(Source data)
======

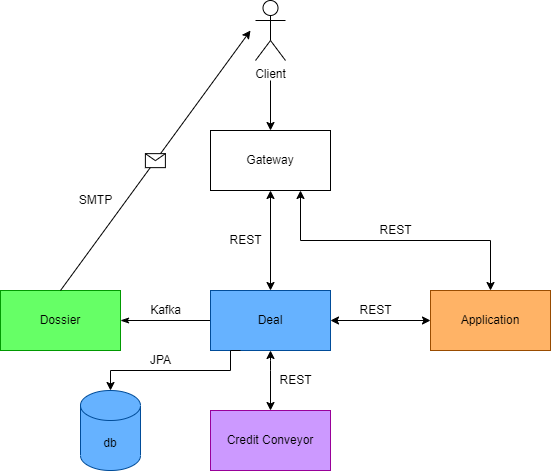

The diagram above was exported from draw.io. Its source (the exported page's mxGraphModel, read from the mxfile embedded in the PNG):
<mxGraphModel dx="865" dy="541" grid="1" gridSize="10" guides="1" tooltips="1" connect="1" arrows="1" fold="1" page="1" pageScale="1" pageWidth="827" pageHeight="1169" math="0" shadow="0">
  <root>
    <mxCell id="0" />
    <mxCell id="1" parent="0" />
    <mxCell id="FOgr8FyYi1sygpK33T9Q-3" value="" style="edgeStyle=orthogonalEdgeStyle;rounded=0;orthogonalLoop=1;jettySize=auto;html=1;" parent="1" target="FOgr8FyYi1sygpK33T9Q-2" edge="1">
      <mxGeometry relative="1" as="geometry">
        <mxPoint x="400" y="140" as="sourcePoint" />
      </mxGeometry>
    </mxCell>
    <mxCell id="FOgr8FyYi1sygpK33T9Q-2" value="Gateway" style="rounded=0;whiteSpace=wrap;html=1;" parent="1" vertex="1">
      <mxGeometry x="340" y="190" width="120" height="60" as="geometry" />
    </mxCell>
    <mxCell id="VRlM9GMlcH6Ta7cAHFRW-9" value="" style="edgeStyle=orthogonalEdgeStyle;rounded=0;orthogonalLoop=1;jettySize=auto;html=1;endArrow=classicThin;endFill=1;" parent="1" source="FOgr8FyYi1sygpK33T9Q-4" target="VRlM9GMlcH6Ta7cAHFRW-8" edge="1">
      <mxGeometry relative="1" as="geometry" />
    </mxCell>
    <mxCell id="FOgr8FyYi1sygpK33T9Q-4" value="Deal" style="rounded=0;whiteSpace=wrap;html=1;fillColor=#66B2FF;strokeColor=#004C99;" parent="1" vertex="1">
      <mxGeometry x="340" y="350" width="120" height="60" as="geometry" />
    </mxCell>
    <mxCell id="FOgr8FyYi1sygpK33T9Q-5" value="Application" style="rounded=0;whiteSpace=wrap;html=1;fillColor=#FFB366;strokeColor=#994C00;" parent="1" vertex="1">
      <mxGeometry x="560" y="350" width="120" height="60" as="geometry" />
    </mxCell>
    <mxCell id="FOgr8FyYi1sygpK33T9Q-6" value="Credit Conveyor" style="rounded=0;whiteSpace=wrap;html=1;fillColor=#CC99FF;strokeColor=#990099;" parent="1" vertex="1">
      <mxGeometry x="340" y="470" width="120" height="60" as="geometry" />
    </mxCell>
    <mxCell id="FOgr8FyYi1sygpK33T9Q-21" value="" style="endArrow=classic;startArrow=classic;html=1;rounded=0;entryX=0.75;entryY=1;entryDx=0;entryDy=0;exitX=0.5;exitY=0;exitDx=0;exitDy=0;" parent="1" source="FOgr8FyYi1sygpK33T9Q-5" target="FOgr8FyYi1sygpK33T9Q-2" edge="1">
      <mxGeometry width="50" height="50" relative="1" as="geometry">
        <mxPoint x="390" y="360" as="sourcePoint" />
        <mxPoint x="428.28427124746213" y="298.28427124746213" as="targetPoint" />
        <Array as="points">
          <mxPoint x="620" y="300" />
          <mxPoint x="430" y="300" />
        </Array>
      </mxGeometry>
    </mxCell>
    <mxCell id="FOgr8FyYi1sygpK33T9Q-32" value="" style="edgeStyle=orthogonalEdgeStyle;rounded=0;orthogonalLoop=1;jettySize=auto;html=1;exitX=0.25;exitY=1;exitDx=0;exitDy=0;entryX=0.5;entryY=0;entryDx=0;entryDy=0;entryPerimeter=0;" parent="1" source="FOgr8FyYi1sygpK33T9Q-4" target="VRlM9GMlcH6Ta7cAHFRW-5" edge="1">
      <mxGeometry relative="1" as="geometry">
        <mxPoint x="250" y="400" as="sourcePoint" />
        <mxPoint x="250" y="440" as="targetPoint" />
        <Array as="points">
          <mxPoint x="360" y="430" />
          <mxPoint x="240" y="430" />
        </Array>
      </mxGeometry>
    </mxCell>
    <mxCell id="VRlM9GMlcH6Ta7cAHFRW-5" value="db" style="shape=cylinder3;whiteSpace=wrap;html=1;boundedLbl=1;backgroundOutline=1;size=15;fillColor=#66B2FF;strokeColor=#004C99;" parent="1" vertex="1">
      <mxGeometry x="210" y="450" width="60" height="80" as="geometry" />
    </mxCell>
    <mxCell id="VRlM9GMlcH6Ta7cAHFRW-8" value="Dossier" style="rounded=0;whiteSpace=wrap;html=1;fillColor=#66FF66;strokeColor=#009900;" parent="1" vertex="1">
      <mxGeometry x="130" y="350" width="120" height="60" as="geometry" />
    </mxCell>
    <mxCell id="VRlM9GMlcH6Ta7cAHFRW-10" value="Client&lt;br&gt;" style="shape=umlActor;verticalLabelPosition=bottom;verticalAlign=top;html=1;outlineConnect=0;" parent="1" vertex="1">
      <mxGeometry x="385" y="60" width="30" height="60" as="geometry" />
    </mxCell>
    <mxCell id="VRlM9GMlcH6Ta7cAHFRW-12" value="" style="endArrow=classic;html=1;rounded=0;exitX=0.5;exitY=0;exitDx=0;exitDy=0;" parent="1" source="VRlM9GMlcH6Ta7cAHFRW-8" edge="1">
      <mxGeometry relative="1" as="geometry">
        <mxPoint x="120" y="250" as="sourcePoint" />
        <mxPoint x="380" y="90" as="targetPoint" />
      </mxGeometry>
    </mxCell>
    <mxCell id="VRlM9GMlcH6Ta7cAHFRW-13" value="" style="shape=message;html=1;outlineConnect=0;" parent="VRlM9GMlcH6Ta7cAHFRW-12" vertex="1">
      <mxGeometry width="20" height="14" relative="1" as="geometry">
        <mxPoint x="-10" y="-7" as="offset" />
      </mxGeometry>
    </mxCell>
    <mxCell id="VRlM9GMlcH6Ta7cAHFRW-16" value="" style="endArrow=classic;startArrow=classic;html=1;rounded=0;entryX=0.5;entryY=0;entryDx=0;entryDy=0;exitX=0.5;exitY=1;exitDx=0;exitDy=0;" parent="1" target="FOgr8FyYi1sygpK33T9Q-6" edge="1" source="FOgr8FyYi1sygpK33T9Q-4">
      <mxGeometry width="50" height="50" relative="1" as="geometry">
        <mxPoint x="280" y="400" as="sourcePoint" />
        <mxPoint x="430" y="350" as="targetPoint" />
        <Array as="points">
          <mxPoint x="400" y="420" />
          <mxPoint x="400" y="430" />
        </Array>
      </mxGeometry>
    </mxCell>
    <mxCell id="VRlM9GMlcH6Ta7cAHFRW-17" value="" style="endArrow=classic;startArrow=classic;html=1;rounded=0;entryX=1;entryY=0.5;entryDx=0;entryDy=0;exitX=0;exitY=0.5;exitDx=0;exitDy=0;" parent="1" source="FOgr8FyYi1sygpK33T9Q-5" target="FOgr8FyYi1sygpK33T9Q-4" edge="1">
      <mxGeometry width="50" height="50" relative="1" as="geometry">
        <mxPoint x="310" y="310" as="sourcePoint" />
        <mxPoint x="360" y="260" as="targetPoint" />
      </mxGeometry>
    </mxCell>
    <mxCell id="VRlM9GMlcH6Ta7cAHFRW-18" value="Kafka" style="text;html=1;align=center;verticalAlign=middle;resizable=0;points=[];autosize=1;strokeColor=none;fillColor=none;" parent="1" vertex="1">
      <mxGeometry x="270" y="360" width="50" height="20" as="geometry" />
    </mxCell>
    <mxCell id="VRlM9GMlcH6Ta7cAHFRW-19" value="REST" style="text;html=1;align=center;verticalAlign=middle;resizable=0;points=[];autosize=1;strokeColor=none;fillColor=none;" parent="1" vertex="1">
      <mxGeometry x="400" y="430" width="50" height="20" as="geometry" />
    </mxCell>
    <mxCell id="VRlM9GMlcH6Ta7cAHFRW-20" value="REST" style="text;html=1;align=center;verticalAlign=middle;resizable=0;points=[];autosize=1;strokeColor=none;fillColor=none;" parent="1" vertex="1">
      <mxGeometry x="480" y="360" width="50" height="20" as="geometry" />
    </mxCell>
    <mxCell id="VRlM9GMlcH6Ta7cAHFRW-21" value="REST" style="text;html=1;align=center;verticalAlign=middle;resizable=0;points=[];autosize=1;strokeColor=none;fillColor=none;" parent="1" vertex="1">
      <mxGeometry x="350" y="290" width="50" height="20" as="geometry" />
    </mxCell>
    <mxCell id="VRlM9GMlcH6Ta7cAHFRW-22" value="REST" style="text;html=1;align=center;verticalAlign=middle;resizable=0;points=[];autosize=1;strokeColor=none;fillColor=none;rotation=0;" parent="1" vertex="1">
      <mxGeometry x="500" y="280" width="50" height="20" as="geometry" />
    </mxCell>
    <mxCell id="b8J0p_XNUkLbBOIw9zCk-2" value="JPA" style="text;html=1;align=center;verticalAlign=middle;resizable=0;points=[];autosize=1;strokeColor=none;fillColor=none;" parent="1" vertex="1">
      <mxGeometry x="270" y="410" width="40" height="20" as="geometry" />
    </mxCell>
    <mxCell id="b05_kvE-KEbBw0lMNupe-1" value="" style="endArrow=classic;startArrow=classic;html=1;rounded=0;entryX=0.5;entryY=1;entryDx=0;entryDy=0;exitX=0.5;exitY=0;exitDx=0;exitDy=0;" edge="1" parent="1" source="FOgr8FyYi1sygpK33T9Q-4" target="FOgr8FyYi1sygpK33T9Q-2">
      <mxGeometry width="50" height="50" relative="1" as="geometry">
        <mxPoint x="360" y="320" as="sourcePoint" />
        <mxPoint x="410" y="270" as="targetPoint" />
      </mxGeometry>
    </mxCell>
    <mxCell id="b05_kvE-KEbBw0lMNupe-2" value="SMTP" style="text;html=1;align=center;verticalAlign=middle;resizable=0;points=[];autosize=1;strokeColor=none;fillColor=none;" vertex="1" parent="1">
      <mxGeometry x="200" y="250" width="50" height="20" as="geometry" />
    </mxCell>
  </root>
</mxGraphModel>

======

» **EXERCISE INSTRUCTIONS**:
Give the number of lines in the data above that include the word "mxGraphModel", with no other words.

» **RESULT OF THIS TASK**:
3